For this exercise, please reproduce the records below word for word, from the first line through the line with "ISO-10303-21;".

### Dataset
*** Begin section ***

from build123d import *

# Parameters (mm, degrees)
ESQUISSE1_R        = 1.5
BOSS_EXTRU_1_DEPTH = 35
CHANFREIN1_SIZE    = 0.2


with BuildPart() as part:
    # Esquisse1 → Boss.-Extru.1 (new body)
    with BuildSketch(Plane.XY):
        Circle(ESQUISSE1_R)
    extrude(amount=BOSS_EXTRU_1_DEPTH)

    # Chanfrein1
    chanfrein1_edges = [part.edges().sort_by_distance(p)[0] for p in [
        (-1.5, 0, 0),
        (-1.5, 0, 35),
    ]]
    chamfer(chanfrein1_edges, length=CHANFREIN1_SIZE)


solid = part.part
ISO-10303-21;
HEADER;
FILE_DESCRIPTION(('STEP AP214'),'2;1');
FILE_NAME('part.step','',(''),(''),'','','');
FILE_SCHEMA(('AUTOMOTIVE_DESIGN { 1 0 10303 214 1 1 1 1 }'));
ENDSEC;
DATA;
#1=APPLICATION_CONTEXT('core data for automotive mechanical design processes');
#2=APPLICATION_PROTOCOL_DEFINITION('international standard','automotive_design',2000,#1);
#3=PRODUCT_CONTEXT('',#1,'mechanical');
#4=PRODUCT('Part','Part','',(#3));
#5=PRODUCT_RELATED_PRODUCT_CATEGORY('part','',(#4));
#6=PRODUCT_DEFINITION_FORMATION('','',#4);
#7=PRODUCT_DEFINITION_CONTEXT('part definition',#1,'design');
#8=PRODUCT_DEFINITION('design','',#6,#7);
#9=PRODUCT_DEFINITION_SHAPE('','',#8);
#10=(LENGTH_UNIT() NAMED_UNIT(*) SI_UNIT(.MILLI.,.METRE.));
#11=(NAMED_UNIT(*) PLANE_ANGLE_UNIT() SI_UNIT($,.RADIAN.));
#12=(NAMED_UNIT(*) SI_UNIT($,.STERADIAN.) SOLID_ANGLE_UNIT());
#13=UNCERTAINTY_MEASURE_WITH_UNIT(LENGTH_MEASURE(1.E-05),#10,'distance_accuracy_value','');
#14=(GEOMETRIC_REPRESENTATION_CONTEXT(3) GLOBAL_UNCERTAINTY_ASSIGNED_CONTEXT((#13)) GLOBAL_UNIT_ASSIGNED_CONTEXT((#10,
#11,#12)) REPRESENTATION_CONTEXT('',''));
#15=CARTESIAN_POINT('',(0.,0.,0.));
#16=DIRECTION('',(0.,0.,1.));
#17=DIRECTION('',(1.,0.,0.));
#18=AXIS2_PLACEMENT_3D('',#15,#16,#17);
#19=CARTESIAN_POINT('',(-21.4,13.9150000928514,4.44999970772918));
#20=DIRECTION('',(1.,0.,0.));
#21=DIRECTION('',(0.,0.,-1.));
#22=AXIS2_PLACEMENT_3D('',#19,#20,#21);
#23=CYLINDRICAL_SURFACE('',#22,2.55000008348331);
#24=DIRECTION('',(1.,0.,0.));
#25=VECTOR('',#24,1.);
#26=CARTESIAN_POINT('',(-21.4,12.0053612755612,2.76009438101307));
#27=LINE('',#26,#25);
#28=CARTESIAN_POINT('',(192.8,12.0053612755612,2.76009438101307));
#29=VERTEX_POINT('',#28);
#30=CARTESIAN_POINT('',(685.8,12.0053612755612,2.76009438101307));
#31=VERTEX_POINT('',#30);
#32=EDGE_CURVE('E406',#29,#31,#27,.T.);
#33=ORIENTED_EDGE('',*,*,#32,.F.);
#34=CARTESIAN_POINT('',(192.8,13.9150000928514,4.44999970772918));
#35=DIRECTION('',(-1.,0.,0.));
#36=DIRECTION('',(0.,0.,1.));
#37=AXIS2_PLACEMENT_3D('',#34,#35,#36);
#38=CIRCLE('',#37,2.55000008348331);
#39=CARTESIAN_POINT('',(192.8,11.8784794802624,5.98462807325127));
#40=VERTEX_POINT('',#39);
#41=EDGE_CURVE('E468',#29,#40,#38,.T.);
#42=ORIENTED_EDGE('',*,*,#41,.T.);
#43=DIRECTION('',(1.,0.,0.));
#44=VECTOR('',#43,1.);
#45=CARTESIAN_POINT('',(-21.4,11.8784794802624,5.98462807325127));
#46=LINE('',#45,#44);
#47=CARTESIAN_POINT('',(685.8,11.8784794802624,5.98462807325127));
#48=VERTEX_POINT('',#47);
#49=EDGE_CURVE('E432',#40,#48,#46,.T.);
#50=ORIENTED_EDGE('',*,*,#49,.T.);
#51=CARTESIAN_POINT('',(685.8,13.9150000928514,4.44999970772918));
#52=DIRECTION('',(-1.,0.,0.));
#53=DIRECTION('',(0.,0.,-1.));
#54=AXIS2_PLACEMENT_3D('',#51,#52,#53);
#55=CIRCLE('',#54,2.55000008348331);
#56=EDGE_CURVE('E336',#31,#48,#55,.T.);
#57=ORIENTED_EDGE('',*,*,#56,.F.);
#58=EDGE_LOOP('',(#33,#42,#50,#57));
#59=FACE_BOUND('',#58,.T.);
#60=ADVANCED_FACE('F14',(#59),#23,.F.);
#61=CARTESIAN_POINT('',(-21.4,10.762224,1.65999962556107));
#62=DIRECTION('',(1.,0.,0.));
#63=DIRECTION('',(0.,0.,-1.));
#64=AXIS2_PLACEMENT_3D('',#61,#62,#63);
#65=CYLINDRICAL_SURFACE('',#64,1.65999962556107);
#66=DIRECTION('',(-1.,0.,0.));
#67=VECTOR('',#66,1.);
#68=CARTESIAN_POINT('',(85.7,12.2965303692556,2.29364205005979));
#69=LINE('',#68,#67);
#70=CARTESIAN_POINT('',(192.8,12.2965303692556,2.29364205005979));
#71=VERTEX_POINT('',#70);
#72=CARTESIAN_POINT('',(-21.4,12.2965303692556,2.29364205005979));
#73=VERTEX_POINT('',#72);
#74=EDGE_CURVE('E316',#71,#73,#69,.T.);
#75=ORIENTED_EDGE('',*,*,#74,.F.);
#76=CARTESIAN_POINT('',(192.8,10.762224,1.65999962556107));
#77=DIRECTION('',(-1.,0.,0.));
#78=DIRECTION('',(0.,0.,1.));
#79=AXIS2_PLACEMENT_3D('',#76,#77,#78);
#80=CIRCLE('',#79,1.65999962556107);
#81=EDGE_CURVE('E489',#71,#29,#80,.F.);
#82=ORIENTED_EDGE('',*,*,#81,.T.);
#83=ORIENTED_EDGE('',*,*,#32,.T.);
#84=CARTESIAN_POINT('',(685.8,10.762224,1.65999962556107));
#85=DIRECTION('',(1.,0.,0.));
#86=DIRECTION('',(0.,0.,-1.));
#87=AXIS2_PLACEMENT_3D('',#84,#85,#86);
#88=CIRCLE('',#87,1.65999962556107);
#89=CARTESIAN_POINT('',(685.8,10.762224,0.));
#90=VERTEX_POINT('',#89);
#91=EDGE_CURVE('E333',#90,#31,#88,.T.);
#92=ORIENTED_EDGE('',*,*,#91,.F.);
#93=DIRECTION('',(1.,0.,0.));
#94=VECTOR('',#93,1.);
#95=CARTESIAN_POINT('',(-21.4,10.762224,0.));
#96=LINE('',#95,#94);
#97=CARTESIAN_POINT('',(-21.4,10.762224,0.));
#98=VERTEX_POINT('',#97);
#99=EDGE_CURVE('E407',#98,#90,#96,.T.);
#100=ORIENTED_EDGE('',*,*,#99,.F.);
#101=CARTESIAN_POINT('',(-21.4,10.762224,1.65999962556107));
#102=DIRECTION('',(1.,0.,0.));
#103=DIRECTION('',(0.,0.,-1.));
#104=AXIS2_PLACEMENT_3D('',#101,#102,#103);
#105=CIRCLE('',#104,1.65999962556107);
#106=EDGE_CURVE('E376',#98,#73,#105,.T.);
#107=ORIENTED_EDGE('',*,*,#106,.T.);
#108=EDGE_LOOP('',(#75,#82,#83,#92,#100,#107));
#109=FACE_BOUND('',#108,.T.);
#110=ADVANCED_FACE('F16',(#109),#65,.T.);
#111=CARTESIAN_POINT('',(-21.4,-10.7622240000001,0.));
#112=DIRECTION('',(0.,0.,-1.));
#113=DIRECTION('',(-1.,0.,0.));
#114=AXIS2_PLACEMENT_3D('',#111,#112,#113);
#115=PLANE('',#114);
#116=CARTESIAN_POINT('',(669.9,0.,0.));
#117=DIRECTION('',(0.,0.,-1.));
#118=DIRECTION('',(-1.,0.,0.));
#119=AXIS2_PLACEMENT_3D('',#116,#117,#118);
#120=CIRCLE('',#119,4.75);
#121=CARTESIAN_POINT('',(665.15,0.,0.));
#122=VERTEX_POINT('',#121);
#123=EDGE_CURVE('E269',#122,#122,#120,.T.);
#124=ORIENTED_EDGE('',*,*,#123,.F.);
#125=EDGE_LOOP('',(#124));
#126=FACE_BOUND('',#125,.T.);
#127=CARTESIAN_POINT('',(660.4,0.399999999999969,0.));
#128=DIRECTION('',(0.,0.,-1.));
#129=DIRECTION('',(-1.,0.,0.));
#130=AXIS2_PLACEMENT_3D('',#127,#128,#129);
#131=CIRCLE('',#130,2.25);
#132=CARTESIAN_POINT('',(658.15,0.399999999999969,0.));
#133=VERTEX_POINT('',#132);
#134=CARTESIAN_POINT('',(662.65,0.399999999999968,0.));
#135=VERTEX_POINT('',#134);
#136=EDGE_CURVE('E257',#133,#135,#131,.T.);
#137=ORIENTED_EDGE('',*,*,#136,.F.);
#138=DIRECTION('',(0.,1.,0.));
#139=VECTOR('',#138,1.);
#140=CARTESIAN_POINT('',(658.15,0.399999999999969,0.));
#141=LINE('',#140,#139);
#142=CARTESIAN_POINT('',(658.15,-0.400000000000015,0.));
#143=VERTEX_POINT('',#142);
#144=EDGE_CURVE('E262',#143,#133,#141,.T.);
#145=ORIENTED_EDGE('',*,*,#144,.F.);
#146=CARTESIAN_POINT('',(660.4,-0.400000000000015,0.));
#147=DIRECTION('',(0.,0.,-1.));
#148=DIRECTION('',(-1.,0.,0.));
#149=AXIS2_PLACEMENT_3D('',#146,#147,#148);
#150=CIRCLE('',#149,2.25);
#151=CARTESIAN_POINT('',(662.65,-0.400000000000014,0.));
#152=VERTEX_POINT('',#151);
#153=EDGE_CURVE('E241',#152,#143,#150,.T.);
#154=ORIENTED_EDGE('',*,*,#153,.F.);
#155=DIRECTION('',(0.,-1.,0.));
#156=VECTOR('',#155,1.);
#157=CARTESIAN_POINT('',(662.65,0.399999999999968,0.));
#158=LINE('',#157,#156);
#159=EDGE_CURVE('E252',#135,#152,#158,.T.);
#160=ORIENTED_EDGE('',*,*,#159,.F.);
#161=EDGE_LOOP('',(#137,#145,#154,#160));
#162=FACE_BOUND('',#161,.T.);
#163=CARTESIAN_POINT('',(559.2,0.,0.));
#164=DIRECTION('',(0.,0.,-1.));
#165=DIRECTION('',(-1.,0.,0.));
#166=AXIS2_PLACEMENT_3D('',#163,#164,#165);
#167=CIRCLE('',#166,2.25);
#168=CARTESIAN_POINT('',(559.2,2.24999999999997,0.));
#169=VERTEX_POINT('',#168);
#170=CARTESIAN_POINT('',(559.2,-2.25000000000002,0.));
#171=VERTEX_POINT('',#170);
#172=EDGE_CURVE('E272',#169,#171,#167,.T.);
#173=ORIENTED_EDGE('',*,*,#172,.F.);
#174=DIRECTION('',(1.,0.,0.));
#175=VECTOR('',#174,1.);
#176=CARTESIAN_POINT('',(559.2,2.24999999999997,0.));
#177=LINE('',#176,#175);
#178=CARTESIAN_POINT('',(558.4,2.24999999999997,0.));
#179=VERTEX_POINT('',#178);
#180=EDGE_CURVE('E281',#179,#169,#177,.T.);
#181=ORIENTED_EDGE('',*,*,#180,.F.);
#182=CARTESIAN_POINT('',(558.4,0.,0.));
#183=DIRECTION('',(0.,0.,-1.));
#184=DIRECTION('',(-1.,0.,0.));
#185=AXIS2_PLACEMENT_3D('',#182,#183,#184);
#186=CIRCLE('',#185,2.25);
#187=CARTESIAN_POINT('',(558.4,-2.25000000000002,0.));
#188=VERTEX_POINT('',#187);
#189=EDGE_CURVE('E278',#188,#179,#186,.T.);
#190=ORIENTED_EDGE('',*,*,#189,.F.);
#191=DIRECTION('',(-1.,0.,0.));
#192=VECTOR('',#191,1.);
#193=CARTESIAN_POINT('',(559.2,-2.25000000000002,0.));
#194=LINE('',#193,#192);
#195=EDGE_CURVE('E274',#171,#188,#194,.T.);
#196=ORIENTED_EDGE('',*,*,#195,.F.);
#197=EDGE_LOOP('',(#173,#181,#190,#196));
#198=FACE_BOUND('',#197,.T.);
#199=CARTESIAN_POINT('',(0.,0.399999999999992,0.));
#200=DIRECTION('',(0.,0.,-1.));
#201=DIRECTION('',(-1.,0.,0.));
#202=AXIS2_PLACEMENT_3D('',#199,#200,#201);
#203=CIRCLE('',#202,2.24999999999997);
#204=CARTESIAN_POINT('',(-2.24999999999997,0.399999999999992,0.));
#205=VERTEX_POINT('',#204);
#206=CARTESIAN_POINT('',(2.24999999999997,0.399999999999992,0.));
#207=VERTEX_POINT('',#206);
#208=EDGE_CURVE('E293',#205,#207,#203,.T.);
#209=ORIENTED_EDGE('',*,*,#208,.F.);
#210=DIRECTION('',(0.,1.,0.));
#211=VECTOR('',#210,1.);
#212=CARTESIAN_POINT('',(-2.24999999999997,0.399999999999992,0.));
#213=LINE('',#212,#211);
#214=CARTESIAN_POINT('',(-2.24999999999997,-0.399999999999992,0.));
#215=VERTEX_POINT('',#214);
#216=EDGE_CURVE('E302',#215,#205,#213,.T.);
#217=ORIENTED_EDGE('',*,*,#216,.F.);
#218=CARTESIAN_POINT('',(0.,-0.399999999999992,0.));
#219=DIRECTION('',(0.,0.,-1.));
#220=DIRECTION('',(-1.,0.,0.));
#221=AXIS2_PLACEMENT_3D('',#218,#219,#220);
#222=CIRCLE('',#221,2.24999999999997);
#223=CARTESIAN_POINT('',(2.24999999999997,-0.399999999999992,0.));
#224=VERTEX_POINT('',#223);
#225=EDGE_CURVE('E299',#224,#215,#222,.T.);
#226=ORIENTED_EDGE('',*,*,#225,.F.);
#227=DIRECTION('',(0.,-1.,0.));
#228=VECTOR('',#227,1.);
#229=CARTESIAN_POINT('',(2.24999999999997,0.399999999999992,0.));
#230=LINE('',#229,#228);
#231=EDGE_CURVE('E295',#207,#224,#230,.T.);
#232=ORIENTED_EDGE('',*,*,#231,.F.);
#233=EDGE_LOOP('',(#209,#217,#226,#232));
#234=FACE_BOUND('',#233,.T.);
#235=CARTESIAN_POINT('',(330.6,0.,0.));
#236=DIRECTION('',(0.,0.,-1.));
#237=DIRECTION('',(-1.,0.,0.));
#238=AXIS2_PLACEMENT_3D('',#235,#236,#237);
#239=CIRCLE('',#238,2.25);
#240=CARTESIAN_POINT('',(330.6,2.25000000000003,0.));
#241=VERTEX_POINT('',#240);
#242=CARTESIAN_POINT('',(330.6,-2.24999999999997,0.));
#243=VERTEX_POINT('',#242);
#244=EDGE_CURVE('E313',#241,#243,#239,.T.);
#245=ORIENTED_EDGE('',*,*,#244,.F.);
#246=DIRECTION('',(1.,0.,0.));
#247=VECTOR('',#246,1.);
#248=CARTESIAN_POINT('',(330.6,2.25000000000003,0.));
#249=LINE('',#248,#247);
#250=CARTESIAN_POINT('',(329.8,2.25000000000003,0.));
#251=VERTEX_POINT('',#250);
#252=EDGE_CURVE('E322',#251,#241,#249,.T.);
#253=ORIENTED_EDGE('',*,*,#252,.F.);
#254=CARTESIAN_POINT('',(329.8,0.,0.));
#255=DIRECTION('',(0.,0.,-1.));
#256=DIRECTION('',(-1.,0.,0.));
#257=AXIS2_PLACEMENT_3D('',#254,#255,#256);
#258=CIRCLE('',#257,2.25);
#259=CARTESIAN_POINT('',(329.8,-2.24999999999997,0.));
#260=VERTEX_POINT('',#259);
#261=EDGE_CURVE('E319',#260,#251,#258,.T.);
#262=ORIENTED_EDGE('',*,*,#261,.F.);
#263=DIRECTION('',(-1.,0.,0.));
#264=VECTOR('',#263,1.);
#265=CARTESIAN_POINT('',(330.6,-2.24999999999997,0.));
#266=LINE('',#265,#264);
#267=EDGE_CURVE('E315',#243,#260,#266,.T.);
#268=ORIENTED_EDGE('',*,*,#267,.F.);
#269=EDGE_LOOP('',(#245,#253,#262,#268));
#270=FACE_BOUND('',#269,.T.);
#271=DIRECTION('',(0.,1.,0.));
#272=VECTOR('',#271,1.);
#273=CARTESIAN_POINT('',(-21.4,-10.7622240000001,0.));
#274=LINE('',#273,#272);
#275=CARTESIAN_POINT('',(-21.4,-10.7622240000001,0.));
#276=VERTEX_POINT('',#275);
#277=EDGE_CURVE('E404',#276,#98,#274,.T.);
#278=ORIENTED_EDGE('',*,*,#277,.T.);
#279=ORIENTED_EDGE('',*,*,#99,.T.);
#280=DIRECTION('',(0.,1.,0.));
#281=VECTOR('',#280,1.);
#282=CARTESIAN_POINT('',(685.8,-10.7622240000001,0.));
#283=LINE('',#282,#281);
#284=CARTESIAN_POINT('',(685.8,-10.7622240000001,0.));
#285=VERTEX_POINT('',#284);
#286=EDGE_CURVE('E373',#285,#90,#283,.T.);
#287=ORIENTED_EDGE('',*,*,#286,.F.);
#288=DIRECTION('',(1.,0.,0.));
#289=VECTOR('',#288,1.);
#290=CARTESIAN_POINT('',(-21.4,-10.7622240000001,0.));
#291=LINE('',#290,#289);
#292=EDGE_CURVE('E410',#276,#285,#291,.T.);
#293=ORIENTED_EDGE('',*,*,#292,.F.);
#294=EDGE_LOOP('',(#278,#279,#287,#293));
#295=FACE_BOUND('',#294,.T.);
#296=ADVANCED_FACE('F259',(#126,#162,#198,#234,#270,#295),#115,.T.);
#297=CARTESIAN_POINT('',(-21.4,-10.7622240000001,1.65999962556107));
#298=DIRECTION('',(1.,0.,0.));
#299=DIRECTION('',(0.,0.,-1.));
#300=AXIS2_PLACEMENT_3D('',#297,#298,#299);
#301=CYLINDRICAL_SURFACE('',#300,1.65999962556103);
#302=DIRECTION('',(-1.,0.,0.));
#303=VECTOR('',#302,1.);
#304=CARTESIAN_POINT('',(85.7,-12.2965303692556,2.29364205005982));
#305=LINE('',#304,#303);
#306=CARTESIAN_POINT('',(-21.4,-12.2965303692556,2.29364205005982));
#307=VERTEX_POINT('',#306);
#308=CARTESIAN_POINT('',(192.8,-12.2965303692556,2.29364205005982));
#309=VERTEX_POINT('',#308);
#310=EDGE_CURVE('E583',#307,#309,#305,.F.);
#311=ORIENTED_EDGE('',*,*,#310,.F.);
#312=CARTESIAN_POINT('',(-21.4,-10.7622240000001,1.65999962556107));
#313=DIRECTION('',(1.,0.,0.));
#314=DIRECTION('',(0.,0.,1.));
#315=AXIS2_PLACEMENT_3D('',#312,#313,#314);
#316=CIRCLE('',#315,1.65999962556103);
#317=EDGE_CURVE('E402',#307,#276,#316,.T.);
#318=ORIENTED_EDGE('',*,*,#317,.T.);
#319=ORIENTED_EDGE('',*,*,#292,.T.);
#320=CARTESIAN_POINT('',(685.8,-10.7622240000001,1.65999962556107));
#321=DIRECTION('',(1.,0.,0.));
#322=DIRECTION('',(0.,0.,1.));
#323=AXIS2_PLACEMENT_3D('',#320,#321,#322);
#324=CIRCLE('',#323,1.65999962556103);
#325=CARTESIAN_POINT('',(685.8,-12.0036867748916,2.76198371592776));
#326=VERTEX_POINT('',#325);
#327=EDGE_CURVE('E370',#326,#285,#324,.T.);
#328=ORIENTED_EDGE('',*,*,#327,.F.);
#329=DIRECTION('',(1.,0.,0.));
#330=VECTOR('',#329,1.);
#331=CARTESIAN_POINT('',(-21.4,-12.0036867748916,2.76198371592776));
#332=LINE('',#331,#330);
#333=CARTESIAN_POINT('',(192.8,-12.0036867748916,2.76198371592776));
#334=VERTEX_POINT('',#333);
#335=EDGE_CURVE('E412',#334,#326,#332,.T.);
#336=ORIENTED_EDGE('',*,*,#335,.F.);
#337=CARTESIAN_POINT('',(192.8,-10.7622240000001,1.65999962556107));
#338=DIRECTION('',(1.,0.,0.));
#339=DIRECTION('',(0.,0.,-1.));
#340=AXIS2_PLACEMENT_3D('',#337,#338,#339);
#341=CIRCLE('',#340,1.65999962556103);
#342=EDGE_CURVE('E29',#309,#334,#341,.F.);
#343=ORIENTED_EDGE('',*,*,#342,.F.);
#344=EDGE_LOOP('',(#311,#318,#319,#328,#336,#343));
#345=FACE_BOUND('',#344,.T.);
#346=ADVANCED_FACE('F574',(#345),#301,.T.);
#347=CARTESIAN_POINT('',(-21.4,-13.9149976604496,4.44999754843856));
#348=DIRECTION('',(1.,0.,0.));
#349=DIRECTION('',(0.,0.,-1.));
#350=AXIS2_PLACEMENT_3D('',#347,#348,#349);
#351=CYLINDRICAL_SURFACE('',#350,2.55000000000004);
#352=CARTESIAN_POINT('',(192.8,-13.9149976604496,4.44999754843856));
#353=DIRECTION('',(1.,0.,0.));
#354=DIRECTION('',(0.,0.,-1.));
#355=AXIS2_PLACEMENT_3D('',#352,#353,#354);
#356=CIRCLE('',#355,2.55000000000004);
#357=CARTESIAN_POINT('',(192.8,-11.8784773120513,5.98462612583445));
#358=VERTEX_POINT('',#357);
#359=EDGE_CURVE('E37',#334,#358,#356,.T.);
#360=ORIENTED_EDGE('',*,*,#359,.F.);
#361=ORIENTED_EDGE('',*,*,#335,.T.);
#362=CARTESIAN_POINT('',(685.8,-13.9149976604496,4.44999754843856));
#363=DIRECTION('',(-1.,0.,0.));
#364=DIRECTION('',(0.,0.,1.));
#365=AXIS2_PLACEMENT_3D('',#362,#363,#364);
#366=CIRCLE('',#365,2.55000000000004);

*** End section ***

### Solution below
from build123d import *

# Parameters (mm, degrees)
ESQUISSE1_R        = 1.5
BOSS_EXTRU_1_DEPTH = 35
CHANFREIN1_SIZE    = 0.2


with BuildPart() as part:
    # Esquisse1 → Boss.-Extru.1 (new body)
    with BuildSketch(Plane.XY):
        Circle(ESQUISSE1_R)
    extrude(amount=BOSS_EXTRU_1_DEPTH)

    # Chanfrein1
    chanfrein1_edges = [part.edges().sort_by_distance(p)[0] for p in [
        (-1.5, 0, 0),
        (-1.5, 0, 35),
    ]]
    chamfer(chanfrein1_edges, length=CHANFREIN1_SIZE)


solid = part.part
ISO-10303-21;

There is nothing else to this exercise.